Question: An bubble in glass ($\mu$ = 1.5) is situated at a distance 3 cm from a given surface of diameter 10 ...

Question

An bubble in glass ( $\mu$ = 1.5) is situated at a distance 3 cm from a given surface of diameter 10 cm as shown in figure At what distance from the surface will the bubble appear :

Answer 1

Solution

The problem involves refraction at a spherical surface. We are given a bubble in glass, which acts as the object. The bubble is located inside glass of refractive index $\mu_1 = 1.5$ . The observer is in air, so the refractive index of the medium into which light is refracted is $\mu_2 = 1$ . The bubble is situated at a distance of 3 cm from the pole of the refracting surface. The refracting surface is part of a sphere with a diameter of 10 cm, which means its radius of curvature is $R = 10/2 = 5$ cm.

From the figure, the center of curvature C is to the left of the pole P, and the object O is between C and P. The distance from the object O to the pole P is given as 3 cm. Using the sign convention where distances to the left of the pole are negative and distances to the right are positive, the object distance is $u = -3$ cm. Since the center of curvature C is to the left of the pole P, the radius of curvature is negative, $R = -5$ cm.

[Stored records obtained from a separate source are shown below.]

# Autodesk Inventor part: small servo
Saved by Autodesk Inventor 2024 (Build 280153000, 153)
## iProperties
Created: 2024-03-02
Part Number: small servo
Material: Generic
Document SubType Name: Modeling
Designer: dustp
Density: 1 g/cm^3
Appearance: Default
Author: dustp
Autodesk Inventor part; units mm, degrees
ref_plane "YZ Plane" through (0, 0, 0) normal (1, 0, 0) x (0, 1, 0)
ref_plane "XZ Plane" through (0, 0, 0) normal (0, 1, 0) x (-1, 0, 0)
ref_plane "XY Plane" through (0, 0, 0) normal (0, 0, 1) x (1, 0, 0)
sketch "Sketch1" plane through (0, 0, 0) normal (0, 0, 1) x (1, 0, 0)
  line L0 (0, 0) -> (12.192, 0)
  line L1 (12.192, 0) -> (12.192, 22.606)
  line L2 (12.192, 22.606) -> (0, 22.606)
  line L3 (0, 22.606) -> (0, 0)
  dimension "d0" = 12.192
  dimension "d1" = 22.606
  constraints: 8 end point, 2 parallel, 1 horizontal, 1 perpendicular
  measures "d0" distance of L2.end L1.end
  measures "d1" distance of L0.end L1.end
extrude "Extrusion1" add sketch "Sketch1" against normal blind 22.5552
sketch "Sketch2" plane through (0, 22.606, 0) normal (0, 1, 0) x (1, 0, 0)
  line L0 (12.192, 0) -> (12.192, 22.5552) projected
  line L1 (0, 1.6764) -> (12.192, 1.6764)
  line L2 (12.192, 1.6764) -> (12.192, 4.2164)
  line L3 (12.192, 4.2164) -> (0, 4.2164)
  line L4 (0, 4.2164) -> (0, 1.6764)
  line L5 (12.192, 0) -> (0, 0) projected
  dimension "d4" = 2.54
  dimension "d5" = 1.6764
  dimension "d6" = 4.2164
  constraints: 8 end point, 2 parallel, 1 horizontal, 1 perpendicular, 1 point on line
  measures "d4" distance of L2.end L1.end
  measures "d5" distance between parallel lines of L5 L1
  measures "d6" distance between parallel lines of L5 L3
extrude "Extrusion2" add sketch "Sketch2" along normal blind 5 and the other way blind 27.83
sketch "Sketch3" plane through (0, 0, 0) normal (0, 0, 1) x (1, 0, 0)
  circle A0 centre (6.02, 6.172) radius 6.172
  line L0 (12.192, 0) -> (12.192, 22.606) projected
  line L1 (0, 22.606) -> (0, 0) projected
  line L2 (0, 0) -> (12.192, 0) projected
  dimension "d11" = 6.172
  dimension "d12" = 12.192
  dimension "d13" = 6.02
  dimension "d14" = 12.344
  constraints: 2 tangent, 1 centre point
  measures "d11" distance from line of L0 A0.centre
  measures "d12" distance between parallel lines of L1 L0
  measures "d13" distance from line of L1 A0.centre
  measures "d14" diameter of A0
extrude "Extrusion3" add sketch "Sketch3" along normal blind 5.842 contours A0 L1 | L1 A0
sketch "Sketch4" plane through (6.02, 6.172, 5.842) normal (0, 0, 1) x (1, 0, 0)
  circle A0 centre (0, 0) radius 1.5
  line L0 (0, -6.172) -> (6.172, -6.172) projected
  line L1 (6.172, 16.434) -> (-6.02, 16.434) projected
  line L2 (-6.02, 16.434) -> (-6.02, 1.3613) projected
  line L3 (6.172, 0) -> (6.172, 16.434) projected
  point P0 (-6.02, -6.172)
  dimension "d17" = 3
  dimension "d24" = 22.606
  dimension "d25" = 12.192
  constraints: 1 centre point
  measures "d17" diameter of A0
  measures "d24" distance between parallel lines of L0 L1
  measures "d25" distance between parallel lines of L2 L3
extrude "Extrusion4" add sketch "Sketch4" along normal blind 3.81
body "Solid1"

The formula for refraction at a spherical surface is: $\frac{\mu_2}{v} - \frac{\mu_1}{u} = \frac{\mu_2 - \mu_1}{R}$ where: $\mu_1$ = refractive index of the medium of the object (glass) = 1.5 $\mu_2$ = refractive index of the medium of the image (air) = 1 $u$ = object distance from the pole = -3 cm $R$ = radius of curvature = -5 cm $v$ = image distance from the pole

Substituting the values into the formula: $\frac{1}{v} - \frac{1.5}{-3} = \frac{1 - 1.5}{-5}$ $\frac{1}{v} + \frac{1.5}{3} = \frac{-0.5}{-5}$ $\frac{1}{v} + 0.5 = 0.1$ Now, solve for $\frac{1}{v}$ : $\frac{1}{v} = 0.1 - 0.5$ $\frac{1}{v} = -0.4$ $v = \frac{1}{-0.4}$ $v = -\frac{10}{4}$ $v = -2.5 \text{ cm}$ The negative sign for $v$ indicates that the image is formed on the same side as the object, i.e., to the left of the pole P. The question asks for the distance from the surface, which is the magnitude of $v$ . Apparent distance = $|v| = |-2.5 \text{ cm}| = 2.5 \text{ cm}$ .

The bubble will appear at a distance of 2.5 cm from the surface.